┌────────

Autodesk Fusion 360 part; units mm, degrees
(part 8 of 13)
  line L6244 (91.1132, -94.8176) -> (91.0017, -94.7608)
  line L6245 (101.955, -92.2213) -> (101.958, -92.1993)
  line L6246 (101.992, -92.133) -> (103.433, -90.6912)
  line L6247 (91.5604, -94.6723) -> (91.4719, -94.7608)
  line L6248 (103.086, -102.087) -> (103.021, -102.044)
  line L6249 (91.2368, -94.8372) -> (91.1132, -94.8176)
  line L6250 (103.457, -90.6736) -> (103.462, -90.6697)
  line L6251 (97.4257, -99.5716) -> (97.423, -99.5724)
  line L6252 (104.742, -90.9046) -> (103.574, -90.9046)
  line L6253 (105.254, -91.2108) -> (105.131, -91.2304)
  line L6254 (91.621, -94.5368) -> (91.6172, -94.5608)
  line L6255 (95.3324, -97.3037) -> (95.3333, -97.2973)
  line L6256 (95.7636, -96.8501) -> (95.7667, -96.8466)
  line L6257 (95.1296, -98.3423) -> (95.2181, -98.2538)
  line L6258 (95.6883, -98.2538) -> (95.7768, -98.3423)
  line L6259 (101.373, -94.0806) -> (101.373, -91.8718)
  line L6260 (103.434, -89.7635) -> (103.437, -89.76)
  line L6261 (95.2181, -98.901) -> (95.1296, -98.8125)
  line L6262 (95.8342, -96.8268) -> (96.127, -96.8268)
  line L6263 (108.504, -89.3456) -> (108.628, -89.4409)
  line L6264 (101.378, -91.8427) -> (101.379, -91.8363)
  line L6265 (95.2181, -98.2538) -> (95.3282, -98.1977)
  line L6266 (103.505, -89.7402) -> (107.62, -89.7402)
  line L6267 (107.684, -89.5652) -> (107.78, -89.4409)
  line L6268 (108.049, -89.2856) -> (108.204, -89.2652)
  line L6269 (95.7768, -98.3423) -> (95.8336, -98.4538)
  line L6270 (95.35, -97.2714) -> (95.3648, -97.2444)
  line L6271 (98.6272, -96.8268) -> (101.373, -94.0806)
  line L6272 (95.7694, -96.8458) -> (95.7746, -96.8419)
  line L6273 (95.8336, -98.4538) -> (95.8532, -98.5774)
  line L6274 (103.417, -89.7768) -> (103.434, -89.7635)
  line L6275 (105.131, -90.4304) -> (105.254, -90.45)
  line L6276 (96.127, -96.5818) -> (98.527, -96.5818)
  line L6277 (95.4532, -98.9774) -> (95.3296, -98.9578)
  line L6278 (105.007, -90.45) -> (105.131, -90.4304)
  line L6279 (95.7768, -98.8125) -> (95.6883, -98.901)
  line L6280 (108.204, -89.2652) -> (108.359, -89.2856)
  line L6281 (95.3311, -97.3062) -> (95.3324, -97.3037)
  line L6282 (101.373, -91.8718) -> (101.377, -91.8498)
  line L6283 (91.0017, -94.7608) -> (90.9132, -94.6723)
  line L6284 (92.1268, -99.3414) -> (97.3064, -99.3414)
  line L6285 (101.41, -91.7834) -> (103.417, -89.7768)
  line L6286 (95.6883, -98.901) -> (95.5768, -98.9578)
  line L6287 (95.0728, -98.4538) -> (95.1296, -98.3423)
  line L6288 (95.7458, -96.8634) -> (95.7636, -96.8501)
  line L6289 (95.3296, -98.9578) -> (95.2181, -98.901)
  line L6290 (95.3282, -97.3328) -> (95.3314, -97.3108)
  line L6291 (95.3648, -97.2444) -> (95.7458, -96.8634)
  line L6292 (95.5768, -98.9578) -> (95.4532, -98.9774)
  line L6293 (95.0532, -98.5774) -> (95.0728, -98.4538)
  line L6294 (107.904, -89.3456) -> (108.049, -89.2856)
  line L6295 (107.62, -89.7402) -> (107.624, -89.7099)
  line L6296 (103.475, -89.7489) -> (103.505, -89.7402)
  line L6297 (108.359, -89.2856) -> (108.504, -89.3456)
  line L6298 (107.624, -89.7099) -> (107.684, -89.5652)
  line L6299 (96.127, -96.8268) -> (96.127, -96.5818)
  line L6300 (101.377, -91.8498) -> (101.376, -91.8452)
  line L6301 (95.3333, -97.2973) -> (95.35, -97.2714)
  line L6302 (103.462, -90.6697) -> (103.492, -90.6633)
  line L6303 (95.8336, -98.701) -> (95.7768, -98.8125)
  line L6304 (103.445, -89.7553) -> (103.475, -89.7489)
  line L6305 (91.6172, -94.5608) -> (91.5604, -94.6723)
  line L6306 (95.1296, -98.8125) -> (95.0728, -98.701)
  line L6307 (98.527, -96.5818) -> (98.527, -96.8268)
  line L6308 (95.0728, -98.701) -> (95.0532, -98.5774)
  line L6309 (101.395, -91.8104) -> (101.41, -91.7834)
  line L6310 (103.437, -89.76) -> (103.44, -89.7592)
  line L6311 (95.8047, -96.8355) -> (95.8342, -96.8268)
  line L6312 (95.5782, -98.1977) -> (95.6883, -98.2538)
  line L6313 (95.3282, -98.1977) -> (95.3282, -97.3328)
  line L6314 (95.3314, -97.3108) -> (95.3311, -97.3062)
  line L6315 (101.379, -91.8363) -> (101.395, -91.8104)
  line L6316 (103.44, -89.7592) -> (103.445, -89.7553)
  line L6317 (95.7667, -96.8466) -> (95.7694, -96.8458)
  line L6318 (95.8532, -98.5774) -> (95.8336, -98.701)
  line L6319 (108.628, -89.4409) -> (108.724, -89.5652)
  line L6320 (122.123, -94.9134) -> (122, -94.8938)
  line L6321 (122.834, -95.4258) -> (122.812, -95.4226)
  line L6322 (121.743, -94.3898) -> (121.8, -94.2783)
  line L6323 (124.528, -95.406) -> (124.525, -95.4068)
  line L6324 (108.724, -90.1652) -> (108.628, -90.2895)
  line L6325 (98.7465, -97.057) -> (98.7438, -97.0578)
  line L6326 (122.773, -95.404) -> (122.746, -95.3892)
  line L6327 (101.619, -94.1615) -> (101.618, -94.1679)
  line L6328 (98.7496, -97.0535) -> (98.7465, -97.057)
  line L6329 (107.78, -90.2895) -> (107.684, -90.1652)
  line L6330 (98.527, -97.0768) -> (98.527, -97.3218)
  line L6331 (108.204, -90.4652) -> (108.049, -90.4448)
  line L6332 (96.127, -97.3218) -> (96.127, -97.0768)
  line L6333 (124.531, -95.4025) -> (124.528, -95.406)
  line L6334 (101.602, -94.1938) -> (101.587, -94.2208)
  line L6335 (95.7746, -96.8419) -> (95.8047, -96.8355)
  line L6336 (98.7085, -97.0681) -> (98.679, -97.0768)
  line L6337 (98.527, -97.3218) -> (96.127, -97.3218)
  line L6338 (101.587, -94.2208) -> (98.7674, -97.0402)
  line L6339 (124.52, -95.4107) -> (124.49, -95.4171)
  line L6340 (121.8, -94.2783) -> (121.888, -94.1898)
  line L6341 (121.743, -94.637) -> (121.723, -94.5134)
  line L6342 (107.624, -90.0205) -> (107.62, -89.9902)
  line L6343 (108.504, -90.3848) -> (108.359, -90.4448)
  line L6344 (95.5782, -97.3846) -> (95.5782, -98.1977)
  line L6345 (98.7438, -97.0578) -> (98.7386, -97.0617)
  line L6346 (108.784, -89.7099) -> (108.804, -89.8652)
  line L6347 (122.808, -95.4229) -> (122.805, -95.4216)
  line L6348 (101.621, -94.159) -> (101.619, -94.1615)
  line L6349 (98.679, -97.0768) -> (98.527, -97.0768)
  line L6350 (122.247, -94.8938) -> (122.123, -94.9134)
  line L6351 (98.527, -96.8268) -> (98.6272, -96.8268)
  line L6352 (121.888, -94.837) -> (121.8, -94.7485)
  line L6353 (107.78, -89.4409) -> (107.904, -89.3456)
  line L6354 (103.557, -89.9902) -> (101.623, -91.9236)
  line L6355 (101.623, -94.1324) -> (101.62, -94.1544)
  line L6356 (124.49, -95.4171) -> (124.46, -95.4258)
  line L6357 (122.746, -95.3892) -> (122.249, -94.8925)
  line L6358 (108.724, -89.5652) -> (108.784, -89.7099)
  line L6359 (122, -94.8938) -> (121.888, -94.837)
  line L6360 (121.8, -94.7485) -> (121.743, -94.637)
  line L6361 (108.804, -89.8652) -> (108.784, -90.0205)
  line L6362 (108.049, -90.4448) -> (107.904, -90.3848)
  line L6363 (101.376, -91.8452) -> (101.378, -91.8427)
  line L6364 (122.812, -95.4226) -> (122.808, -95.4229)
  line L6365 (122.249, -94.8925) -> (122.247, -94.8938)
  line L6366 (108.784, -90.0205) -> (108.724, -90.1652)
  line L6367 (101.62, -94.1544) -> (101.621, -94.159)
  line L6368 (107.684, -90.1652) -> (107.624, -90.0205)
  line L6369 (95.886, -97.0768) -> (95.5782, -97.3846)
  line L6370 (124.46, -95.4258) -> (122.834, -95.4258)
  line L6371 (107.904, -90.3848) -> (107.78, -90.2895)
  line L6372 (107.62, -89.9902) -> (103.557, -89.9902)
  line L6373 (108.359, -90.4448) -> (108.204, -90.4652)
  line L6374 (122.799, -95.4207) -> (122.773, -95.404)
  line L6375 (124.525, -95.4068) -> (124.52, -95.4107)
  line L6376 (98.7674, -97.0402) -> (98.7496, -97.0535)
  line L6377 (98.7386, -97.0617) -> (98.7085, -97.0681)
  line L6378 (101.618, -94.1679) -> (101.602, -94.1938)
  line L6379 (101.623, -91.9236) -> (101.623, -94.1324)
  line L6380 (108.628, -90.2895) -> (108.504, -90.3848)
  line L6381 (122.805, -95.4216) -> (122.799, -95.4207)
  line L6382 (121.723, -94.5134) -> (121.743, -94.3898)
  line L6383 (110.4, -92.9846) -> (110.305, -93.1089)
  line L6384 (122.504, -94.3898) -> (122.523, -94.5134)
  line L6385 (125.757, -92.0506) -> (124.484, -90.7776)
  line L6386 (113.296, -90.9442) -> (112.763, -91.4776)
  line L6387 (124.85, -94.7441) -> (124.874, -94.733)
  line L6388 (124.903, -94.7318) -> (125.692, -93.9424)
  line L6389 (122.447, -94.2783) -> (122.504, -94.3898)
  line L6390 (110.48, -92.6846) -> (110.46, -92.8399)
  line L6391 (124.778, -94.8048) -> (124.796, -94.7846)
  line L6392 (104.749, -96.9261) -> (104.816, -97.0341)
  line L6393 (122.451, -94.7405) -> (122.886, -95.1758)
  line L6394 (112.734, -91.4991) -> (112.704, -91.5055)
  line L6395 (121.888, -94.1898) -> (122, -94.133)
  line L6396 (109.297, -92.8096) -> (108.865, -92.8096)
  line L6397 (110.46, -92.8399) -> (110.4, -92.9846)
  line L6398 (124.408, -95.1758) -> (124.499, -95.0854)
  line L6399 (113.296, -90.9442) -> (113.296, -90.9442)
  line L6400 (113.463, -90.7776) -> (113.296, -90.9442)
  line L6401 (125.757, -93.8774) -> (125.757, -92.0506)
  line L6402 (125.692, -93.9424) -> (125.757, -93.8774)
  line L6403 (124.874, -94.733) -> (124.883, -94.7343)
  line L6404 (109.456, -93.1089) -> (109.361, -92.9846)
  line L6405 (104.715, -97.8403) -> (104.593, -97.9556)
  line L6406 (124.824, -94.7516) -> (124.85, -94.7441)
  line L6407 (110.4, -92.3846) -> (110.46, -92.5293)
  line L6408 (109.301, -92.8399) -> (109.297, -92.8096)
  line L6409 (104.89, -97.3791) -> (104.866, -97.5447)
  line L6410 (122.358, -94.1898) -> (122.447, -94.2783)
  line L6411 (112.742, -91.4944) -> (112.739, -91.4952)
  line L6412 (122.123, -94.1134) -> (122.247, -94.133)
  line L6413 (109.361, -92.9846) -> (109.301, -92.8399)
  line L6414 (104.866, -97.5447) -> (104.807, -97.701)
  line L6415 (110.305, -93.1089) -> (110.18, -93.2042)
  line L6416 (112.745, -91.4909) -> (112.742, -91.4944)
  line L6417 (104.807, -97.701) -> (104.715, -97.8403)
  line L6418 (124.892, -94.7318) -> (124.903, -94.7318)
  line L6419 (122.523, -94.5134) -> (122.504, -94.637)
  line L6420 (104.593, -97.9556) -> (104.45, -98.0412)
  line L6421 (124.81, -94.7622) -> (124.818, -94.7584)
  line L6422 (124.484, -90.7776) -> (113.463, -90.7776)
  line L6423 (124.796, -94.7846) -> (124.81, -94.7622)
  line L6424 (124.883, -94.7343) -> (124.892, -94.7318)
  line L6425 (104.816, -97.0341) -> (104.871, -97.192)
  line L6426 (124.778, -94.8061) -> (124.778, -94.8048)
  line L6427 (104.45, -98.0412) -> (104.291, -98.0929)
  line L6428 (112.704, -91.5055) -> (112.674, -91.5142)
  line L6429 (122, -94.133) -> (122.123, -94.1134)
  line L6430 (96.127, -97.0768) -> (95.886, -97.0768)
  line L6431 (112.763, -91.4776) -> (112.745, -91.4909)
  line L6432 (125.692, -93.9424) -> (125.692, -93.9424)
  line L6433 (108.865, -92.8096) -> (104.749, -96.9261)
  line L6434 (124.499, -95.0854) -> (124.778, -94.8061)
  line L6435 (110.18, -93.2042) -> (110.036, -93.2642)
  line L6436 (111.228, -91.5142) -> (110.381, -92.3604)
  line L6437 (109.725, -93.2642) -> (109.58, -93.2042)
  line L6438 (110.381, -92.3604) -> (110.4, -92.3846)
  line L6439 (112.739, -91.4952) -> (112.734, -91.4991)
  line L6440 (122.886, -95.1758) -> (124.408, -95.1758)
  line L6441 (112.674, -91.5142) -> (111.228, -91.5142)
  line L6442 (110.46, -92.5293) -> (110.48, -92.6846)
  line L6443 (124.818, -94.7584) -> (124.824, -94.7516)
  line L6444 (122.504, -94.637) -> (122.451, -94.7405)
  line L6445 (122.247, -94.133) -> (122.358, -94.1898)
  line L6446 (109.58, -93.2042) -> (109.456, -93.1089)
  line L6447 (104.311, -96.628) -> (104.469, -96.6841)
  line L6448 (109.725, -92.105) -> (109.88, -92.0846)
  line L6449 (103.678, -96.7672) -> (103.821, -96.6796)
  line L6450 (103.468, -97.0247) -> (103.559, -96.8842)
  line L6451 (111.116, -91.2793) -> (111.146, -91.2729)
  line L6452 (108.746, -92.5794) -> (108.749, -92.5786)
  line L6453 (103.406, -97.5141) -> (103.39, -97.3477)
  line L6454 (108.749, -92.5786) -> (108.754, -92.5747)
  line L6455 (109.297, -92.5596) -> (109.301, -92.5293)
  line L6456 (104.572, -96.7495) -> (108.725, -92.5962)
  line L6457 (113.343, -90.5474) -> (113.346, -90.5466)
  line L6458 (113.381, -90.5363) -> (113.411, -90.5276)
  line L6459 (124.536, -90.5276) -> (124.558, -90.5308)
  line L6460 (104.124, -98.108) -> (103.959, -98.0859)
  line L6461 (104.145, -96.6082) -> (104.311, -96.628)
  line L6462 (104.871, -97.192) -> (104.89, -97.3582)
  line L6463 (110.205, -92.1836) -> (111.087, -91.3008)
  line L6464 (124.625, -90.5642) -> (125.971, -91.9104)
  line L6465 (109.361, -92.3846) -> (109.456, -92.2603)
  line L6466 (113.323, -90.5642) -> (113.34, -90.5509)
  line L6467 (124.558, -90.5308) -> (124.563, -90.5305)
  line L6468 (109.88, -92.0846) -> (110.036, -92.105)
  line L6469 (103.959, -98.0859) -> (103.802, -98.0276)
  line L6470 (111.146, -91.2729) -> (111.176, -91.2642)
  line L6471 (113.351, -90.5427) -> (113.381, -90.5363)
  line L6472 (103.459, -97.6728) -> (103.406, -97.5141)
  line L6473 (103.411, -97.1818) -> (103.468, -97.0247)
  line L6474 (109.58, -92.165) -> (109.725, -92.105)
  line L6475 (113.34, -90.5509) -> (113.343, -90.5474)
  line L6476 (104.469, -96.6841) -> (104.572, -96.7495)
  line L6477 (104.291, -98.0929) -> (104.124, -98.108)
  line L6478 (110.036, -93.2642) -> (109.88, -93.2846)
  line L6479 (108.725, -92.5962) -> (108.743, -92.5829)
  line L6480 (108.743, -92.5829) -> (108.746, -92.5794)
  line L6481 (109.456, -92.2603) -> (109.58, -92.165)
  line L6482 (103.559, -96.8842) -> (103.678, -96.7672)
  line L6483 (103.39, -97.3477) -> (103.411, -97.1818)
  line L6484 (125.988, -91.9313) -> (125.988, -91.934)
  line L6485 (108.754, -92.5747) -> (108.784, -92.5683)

└────────

Task description => Reproduce each line from the data that has "part" in it.

Output for this exercise =>
Autodesk Fusion 360 part; units mm, degrees
(part 8 of 13)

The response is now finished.